On Friday night Kogi came to town, and hundreds of hungry night owls showed up to celebrate the occasion.
Haven’t heard of Kogi? You’re not alone. Ask most Pasadenans if they’ve experienced the Kogi Korean BBQ taco truck, and they’ll likely respond with a confused stare and a muttered, “Wait… Korean… tacos?” Yes. The Kogi BBQ trucks have spawned massive national buzz and a dedicated following by combining two essentially Angeleno culinary endeavors, Korean barbecue and Mexican taco trucks.
Kogi BBQ offers Korean-style grilled meats and tofu served in tacos, burritos and the mini-burgers known as sliders. The three trucks, named Azul, Roja and Verde, wander the Los Angeles streets, updating followers with precise locations on Twitter.
Late Friday, several months after Kogi became the talk of L.A., it made its inaugural appearance in the Pasadena area when the Verde truck parked next to the Coffee Gallery on North Lake from 10:30 pm to 1 am. According to brave order taker Yung Ho, the small lot was packed with 626ers eager for their first taste of Kogi before the truck had even pulled in. By 11:15 the line snaked around the plastic folding tables set up for on-site taco consumption and stretched onto the sidewalk, and eager chatter filled the air as a variety of locals waited for their turn. The crowd included many high schoolers who had followed Kogi’s Twitter feeds, as well as middle-aged dads who had come on a co-worker’s recommendation. This was clearly a thing, with 200-plus people standing outside in a parking lot for something they’d never tried before.
Once these culinary Quixotes got a chance to order, their response was unanimous: unabashed delight. By far the most popular order was two or three short-rib tacos, although spicy pork sliders were highly praised as well. The tacos, affordable at $2.20, were that rarest of delights: an innovative but unpretentious and instantly accessible meal. Tender beef short ribs, on a fresh corn tortilla, topped with a mild kim chee-style slaw, the tacos hit all the major late-night taste cravings: salty, sweet and, yes, a bit fatty, with a tangy kick. There was, of course, a bottle of Sriracha chili sauce for those who like it hot.
Although there are myriad items to be tried — pork tacos, chicken burritos, short-rib sliders, the mysterious Chef’s Choices — there is little reason to look beyond the already-famous short-rib taco. Kogi BBQ is a fresh take on late-night grub, and one more reason to love LA.

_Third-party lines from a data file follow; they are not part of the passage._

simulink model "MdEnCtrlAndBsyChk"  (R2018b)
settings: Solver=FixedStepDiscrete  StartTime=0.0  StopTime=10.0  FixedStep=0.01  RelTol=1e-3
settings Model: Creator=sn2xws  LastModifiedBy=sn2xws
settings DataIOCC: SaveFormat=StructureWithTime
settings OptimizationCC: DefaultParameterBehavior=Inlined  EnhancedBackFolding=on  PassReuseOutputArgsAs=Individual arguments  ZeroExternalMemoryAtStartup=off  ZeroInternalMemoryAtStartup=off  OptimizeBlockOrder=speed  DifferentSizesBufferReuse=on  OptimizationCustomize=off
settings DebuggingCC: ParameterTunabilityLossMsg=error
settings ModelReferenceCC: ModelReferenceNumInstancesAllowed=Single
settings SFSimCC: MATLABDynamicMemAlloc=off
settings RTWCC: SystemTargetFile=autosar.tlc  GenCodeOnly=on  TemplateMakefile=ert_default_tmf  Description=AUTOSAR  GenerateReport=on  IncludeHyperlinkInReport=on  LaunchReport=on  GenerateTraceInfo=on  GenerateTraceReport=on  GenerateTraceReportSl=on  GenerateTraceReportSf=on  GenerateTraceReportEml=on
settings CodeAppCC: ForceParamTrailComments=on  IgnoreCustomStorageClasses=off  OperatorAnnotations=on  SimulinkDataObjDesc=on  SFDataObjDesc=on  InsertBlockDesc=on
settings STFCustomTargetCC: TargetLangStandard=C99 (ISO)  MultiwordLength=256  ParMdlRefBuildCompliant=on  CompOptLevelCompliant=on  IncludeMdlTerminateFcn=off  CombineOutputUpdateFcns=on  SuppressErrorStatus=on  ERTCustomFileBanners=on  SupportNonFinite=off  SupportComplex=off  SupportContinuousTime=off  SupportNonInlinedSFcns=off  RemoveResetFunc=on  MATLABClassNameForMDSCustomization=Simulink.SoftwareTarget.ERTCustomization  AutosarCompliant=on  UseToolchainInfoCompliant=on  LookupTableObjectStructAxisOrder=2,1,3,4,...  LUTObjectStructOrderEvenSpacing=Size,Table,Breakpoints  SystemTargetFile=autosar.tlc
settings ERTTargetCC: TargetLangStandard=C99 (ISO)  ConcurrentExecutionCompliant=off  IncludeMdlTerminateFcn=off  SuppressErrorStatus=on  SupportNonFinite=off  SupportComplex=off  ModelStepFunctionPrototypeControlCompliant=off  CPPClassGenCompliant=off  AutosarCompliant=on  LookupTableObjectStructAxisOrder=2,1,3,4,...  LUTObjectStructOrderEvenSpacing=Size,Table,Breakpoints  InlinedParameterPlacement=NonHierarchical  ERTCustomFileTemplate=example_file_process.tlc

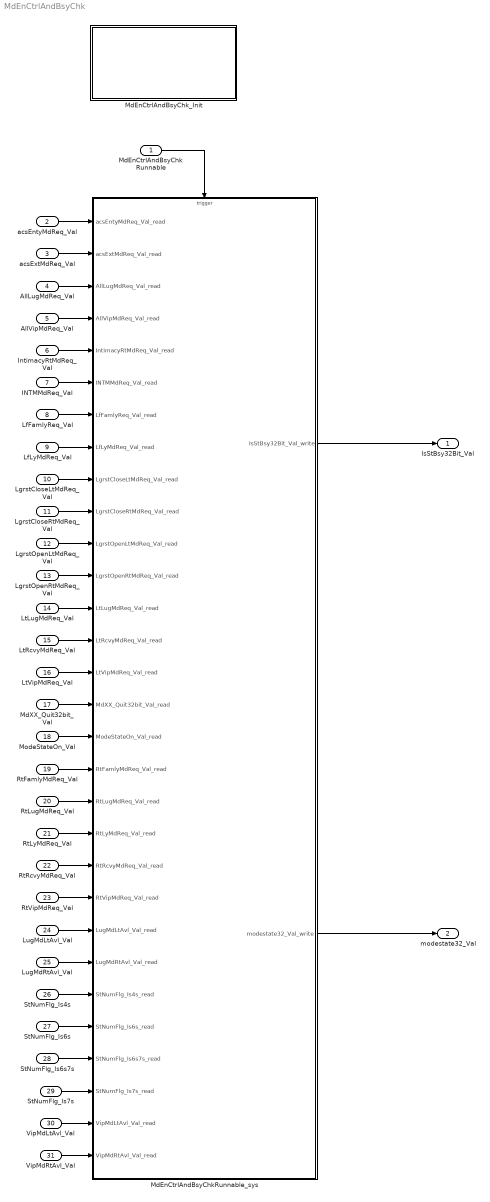
== system MdEnCtrlAndBsyChk ==
  MdEnCtrlAndBsyChkRunnable : Inport  SampleTime=0.01  OutputFunctionCall=on
  acsEntyMdReq_Val : Inport  Port=2  OutDataTypeStr=boolean  PortDimensions=1
  acsExtMdReq_Val : Inport  Port=3  OutDataTypeStr=boolean  PortDimensions=1
  AllLugMdReq_Val : Inport  Port=4  OutDataTypeStr=boolean  PortDimensions=1
  AllVipMdReq_Val : Inport  Port=5  OutDataTypeStr=boolean  PortDimensions=1
  IntimacyRtMdReq_Val : Inport  Port=6  OutDataTypeStr=boolean  PortDimensions=1
  INTMMdReq_Val : Inport  Port=7  OutDataTypeStr=boolean  PortDimensions=1
  LfFamlyReq_Val : Inport  Port=8  OutDataTypeStr=boolean  PortDimensions=1
  LfLyMdReq_Val : Inport  Port=9  OutDataTypeStr=boolean  PortDimensions=1
  LgrstCloseLtMdReq_Val : Inport  Port=10  OutDataTypeStr=boolean  PortDimensions=1
  LgrstCloseRtMdReq_Val : Inport  Port=11  OutDataTypeStr=boolean  PortDimensions=1
  LgrstOpenLtMdReq_Val : Inport  Port=12  OutDataTypeStr=boolean  PortDimensions=1
  LgrstOpenRtMdReq_Val : Inport  Port=13  OutDataTypeStr=boolean  PortDimensions=1
  LtLugMdReq_Val : Inport  Port=14  OutDataTypeStr=boolean  PortDimensions=1
  LtRcvyMdReq_Val : Inport  Port=15  OutDataTypeStr=boolean  PortDimensions=1
  LtVipMdReq_Val : Inport  Port=16  OutDataTypeStr=boolean  PortDimensions=1
  MdXX_Quit32bit_Val : Inport  Port=17  OutDataTypeStr=uint32  PortDimensions=1
  ModeStateOn_Val : Inport  Port=18  OutDataTypeStr=boolean  PortDimensions=1
  RtFamlyMdReq_Val : Inport  Port=19  OutDataTypeStr=boolean  PortDimensions=1
  RtLugMdReq_Val : Inport  Port=20  OutDataTypeStr=boolean  PortDimensions=1
  RtLyMdReq_Val : Inport  Port=21  OutDataTypeStr=boolean  PortDimensions=1
  RtRcvyMdReq_Val : Inport  Port=22  OutDataTypeStr=boolean  PortDimensions=1
  RtVipMdReq_Val : Inport  Port=23  OutDataTypeStr=boolean  PortDimensions=1
  LugMdLtAvl_Val : Inport  Port=24  OutDataTypeStr=boolean  PortDimensions=1
  LugMdRtAvl_Val : Inport  Port=25  OutDataTypeStr=boolean  PortDimensions=1
  StNumFlg_Is4s : Inport  Port=26  OutDataTypeStr=boolean  PortDimensions=1
  StNumFlg_Is6s : Inport  Port=27  OutDataTypeStr=boolean  PortDimensions=1
  StNumFlg_Is6s7s : Inport  Port=28  OutDataTypeStr=boolean  PortDimensions=1
  StNumFlg_Is7s : Inport  Port=29  OutDataTypeStr=boolean  PortDimensions=1
  VipMdLtAvl_Val : Inport  Port=30  OutDataTypeStr=boolean  PortDimensions=1
  VipMdRtAvl_Val : Inport  Port=31  OutDataTypeStr=boolean  PortDimensions=1
  MdEnCtrlAndBsyChkRunnable_sys : Subsystem
  MdEnCtrlAndBsyChk_Init : Subsystem
  IsStBsy32Bit_Val : Outport  OutDataTypeStr=uint32  PortDimensions=1
  modestate32_Val : Outport  Port=2  OutDataTypeStr=uint32  PortDimensions=1
  wires:
  acsEntyMdReq_Val/1 -> MdEnCtrlAndBsyChkRunnable_sys/1(acsEntyMdReq_Val_read)
  acsExtMdReq_Val/1 -> MdEnCtrlAndBsyChkRunnable_sys/2(acsExtMdReq_Val_read)
  AllLugMdReq_Val/1 -> MdEnCtrlAndBsyChkRunnable_sys/3(AllLugMdReq_Val_read)
  AllVipMdReq_Val/1 -> MdEnCtrlAndBsyChkRunnable_sys/4(AllVipMdReq_Val_read)
  IntimacyRtMdReq_Val/1 -> MdEnCtrlAndBsyChkRunnable_sys/5(IntimacyRtMdReq_Val_read)
  INTMMdReq_Val/1 -> MdEnCtrlAndBsyChkRunnable_sys/6(INTMMdReq_Val_read)
  LfFamlyReq_Val/1 -> MdEnCtrlAndBsyChkRunnable_sys/7(LfFamlyReq_Val_read)
  LfLyMdReq_Val/1 -> MdEnCtrlAndBsyChkRunnable_sys/8(LfLyMdReq_Val_read)
  LgrstCloseLtMdReq_Val/1 -> MdEnCtrlAndBsyChkRunnable_sys/9(LgrstCloseLtMdReq_Val_read)
  LgrstCloseRtMdReq_Val/1 -> MdEnCtrlAndBsyChkRunnable_sys/10(LgrstCloseRtMdReq_Val_read)
  LgrstOpenLtMdReq_Val/1 -> MdEnCtrlAndBsyChkRunnable_sys/11(LgrstOpenLtMdReq_Val_read)
  LgrstOpenRtMdReq_Val/1 -> MdEnCtrlAndBsyChkRunnable_sys/12(LgrstOpenRtMdReq_Val_read)
  LtLugMdReq_Val/1 -> MdEnCtrlAndBsyChkRunnable_sys/13(LtLugMdReq_Val_read)
  LtRcvyMdReq_Val/1 -> MdEnCtrlAndBsyChkRunnable_sys/14(LtRcvyMdReq_Val_read)
  LtVipMdReq_Val/1 -> MdEnCtrlAndBsyChkRunnable_sys/15(LtVipMdReq_Val_read)
  MdXX_Quit32bit_Val/1 -> MdEnCtrlAndBsyChkRunnable_sys/16(MdXX_Quit32bit_Val_read)
  ModeStateOn_Val/1 -> MdEnCtrlAndBsyChkRunnable_sys/17(ModeStateOn_Val_read)
  RtFamlyMdReq_Val/1 -> MdEnCtrlAndBsyChkRunnable_sys/18(RtFamlyMdReq_Val_read)
  RtLugMdReq_Val/1 -> MdEnCtrlAndBsyChkRunnable_sys/19(RtLugMdReq_Val_read)
  RtLyMdReq_Val/1 -> MdEnCtrlAndBsyChkRunnable_sys/20(RtLyMdReq_Val_read)
  RtRcvyMdReq_Val/1 -> MdEnCtrlAndBsyChkRunnable_sys/21(RtRcvyMdReq_Val_read)
  RtVipMdReq_Val/1 -> MdEnCtrlAndBsyChkRunnable_sys/22(RtVipMdReq_Val_read)
  MdEnCtrlAndBsyChkRunnable/1 -> MdEnCtrlAndBsyChkRunnable_sys/Trigger
  LugMdLtAvl_Val/1 -> MdEnCtrlAndBsyChkRunnable_sys/23(LugMdLtAvl_Val_read)
  LugMdRtAvl_Val/1 -> MdEnCtrlAndBsyChkRunnable_sys/24(LugMdRtAvl_Val_read)
  StNumFlg_Is4s/1 -> MdEnCtrlAndBsyChkRunnable_sys/25(StNumFlg_Is4s_read)
  StNumFlg_Is6s/1 -> MdEnCtrlAndBsyChkRunnable_sys/26(StNumFlg_Is6s_read)
  StNumFlg_Is6s7s/1 -> MdEnCtrlAndBsyChkRunnable_sys/27(StNumFlg_Is6s7s_read)
  MdEnCtrlAndBsyChkRunnable_sys/1(IsStBsy32Bit_Val_write) -> IsStBsy32Bit_Val/1
  MdEnCtrlAndBsyChkRunnable_sys/2(modestate32_Val_write) -> modestate32_Val/1
  StNumFlg_Is7s/1 -> MdEnCtrlAndBsyChkRunnable_sys/28(StNumFlg_Is7s_read)
  VipMdLtAvl_Val/1 -> MdEnCtrlAndBsyChkRunnable_sys/29(VipMdLtAvl_Val_read)
  VipMdRtAvl_Val/1 -> MdEnCtrlAndBsyChkRunnable_sys/30(VipMdRtAvl_Val_read)

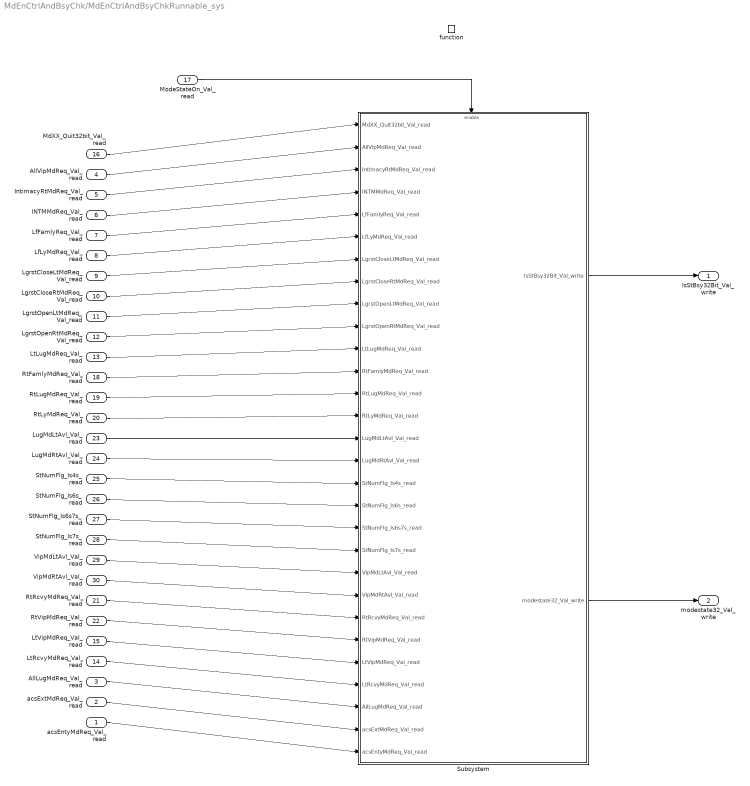
== system MdEnCtrlAndBsyChk/MdEnCtrlAndBsyChkRunnable_sys ==
  acsEntyMdReq_Val_read : Inport
  acsExtMdReq_Val_read : Inport  Port=2
  AllLugMdReq_Val_read : Inport  Port=3
  AllVipMdReq_Val_read : Inport  Port=4
  IntimacyRtMdReq_Val_read : Inport  Port=5
  INTMMdReq_Val_read : Inport  Port=6
  LfFamlyReq_Val_read : Inport  Port=7
  LfLyMdReq_Val_read : Inport  Port=8
  LgrstCloseLtMdReq_Val_read : Inport  Port=9
  LgrstCloseRtMdReq_Val_read : Inport  Port=10
  LgrstOpenLtMdReq_Val_read : Inport  Port=11
  LgrstOpenRtMdReq_Val_read : Inport  Port=12
  LtLugMdReq_Val_read : Inport  Port=13
  LtRcvyMdReq_Val_read : Inport  Port=14
  LtVipMdReq_Val_read : Inport  Port=15
  MdXX_Quit32bit_Val_read : Inport  Port=16
  ModeStateOn_Val_read : Inport  Port=17
  RtFamlyMdReq_Val_read : Inport  Port=18
  RtLugMdReq_Val_read : Inport  Port=19
  RtLyMdReq_Val_read : Inport  Port=20
  RtRcvyMdReq_Val_read : Inport  Port=21
  RtVipMdReq_Val_read : Inport  Port=22
  LugMdLtAvl_Val_read : Inport  Port=23
  LugMdRtAvl_Val_read : Inport  Port=24
  StNumFlg_Is4s_read : Inport  Port=25
  StNumFlg_Is6s_read : Inport  Port=26
  StNumFlg_Is6s7s_read : Inport  Port=27
  StNumFlg_Is7s_read : Inport  Port=28
  VipMdLtAvl_Val_read : Inport  Port=29
  VipMdRtAvl_Val_read : Inport  Port=30
  function : TriggerPort  TriggerType=function-call  VariantControl=(inherit)  SampleTimeType=periodic  SampleTime=-1
  Subsystem : Subsystem
  IsStBsy32Bit_Val_write : Outport
      settings: EnsureOutportIsVirtual=on
  modestate32_Val_write : Outport  Port=2
      settings: EnsureOutportIsVirtual=on
  wires:
  ModeStateOn_Val_read/1 -> Subsystem/Enable
  acsEntyMdReq_Val_read/1 -> Subsystem/29(acsEntyMdReq_Val_read)
  acsExtMdReq_Val_read/1 -> Subsystem/28(acsExtMdReq_Val_read)
  AllLugMdReq_Val_read/1 -> Subsystem/27(AllLugMdReq_Val_read)
  AllVipMdReq_Val_read/1 -> Subsystem/2(AllVipMdReq_Val_read)
  IntimacyRtMdReq_Val_read/1 -> Subsystem/3(IntimacyRtMdReq_Val_read)
  INTMMdReq_Val_read/1 -> Subsystem/4(INTMMdReq_Val_read)
  LfFamlyReq_Val_read/1 -> Subsystem/5(LfFamlyReq_Val_read)
  LfLyMdReq_Val_read/1 -> Subsystem/6(LfLyMdReq_Val_read)
  LgrstCloseLtMdReq_Val_read/1 -> Subsystem/7(LgrstCloseLtMdReq_Val_read)
  LgrstCloseRtMdReq_Val_read/1 -> Subsystem/8(LgrstCloseRtMdReq_Val_read)
  LgrstOpenLtMdReq_Val_read/1 -> Subsystem/9(LgrstOpenLtMdReq_Val_read)
  LgrstOpenRtMdReq_Val_read/1 -> Subsystem/10(LgrstOpenRtMdReq_Val_read)
  LtLugMdReq_Val_read/1 -> Subsystem/11(LtLugMdReq_Val_read)
  LtRcvyMdReq_Val_read/1 -> Subsystem/26(LtRcvyMdReq_Val_read)
  LtVipMdReq_Val_read/1 -> Subsystem/25(LtVipMdReq_Val_read)
  MdXX_Quit32bit_Val_read/1 -> Subsystem/1(MdXX_Quit32bit_Val_read)
  RtFamlyMdReq_Val_read/1 -> Subsystem/12(RtFamlyMdReq_Val_read)
  RtLugMdReq_Val_read/1 -> Subsystem/13(RtLugMdReq_Val_read)
  RtLyMdReq_Val_read/1 -> Subsystem/14(RtLyMdReq_Val_read)
  RtRcvyMdReq_Val_read/1 -> Subsystem/23(RtRcvyMdReq_Val_read)
  RtVipMdReq_Val_read/1 -> Subsystem/24(RtVipMdReq_Val_read)
  LugMdLtAvl_Val_read/1 -> Subsystem/15(LugMdLtAvl_Val_read)
  LugMdRtAvl_Val_read/1 -> Subsystem/16(LugMdRtAvl_Val_read)
  StNumFlg_Is4s_read/1 -> Subsystem/17(StNumFlg_Is4s_read)
  StNumFlg_Is6s_read/1 -> Subsystem/18(StNumFlg_Is6s_read)
  StNumFlg_Is6s7s_read/1 -> Subsystem/19(StNumFlg_Is6s7s_read)
  StNumFlg_Is7s_read/1 -> Subsystem/20(StNumFlg_Is7s_read)
  VipMdLtAvl_Val_read/1 -> Subsystem/21(VipMdLtAvl_Val_read)
  VipMdRtAvl_Val_read/1 -> Subsystem/22(VipMdRtAvl_Val_read)
  Subsystem/2(modestate32_Val_write) -> modestate32_Val_write/1
  Subsystem/1(IsStBsy32Bit_Val_write) -> IsStBsy32Bit_Val_write/1

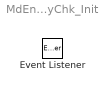
== system MdEnCtrlAndBsyChk/MdEnCtrlAndBsyChk_Init ==
  Event Listener : EventListener  EventName=reset

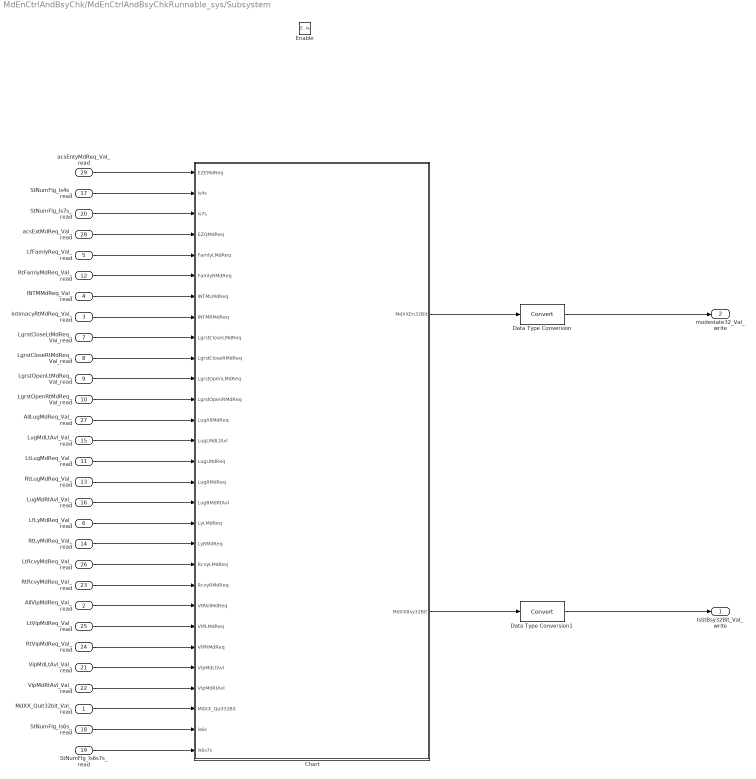
== system MdEnCtrlAndBsyChk/MdEnCtrlAndBsyChkRunnable_sys/Subsystem ==
  MdXX_Quit32bit_Val_read : Inport
  AllVipMdReq_Val_read : Inport  Port=2
  IntimacyRtMdReq_Val_read : Inport  Port=3
  INTMMdReq_Val_read : Inport  Port=4
  LfFamlyReq_Val_read : Inport  Port=5
  LfLyMdReq_Val_read : Inport  Port=6
  LgrstCloseLtMdReq_Val_read : Inport  Port=7
  LgrstCloseRtMdReq_Val_read : Inport  Port=8
  LgrstOpenLtMdReq_Val_read : Inport  Port=9
  LgrstOpenRtMdReq_Val_read : Inport  Port=10
  LtLugMdReq_Val_read : Inport  Port=11
  RtFamlyMdReq_Val_read : Inport  Port=12
  RtLugMdReq_Val_read : Inport  Port=13
  RtLyMdReq_Val_read : Inport  Port=14
  LugMdLtAvl_Val_read : Inport  Port=15
  LugMdRtAvl_Val_read : Inport  Port=16
  StNumFlg_Is4s_read : Inport  Port=17
  StNumFlg_Is6s_read : Inport  Port=18
  StNumFlg_Is6s7s_read : Inport  Port=19
  StNumFlg_Is7s_read : Inport  Port=20
  VipMdLtAvl_Val_read : Inport  Port=21
  VipMdRtAvl_Val_read : Inport  Port=22
  RtRcvyMdReq_Val_read : Inport  Port=23
  RtVipMdReq_Val_read : Inport  Port=24
  LtVipMdReq_Val_read : Inport  Port=25
  LtRcvyMdReq_Val_read : Inport  Port=26
  AllLugMdReq_Val_read : Inport  Port=27
  acsExtMdReq_Val_read : Inport  Port=28
  acsEntyMdReq_Val_read : Inport  Port=29
  Enable : EnablePort  StatesWhenEnabling=reset
  Chart : Stateflow chart  TreatAsAtomicUnit=on
  Data Type Conversion : DataTypeConversion
  Data Type Conversion1 : DataTypeConversion
  IsStBsy32Bit_Val_write : Outport
  modestate32_Val_write : Outport  Port=2
  wires:
  MdXX_Quit32bit_Val_read/1 -> Chart/27(MdXX_Quit32Bit)
  acsEntyMdReq_Val_read/1 -> Chart/1(EZEMdReq)
  acsExtMdReq_Val_read/1 -> Chart/4(EZQMdReq)
  AllLugMdReq_Val_read/1 -> Chart/13(LugAllMdReq)
  IntimacyRtMdReq_Val_read/1 -> Chart/8(INTMRMdReq)
  INTMMdReq_Val_read/1 -> Chart/7(INTMLMdReq)
  LfFamlyReq_Val_read/1 -> Chart/5(FamlyLMdReq)
  LgrstCloseRtMdReq_Val_read/1 -> Chart/10(LgrstCloseRMdReq)
  LgrstCloseLtMdReq_Val_read/1 -> Chart/9(LgrstCloseLMdReq)
  LgrstOpenLtMdReq_Val_read/1 -> Chart/11(LgrstOpenLMdReq)
  LgrstOpenRtMdReq_Val_read/1 -> Chart/12(LgrstOpenRMdReq)
  LtLugMdReq_Val_read/1 -> Chart/15(LugLMdReq)
  LfLyMdReq_Val_read/1 -> Chart/18(LyLMdReq)
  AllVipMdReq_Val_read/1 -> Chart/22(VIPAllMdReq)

Finally, while the novelty and excitement made the Kogi truck seem like more than a taco truck, it also made for an extremely long line. Diners waited up to 90 minutes to order, and the line was still depressingly long at 12:40 a.m., when the truck was only 20 minutes away from leaving. In a way, Kogi’s popularity may be working against it, because as delicious as the food was, there is little in this world worth waiting an hour and a half for, even short-rib tacos. That said, if KogiBBQ tweets that they’re outside your office and there’s no line, you need to try it.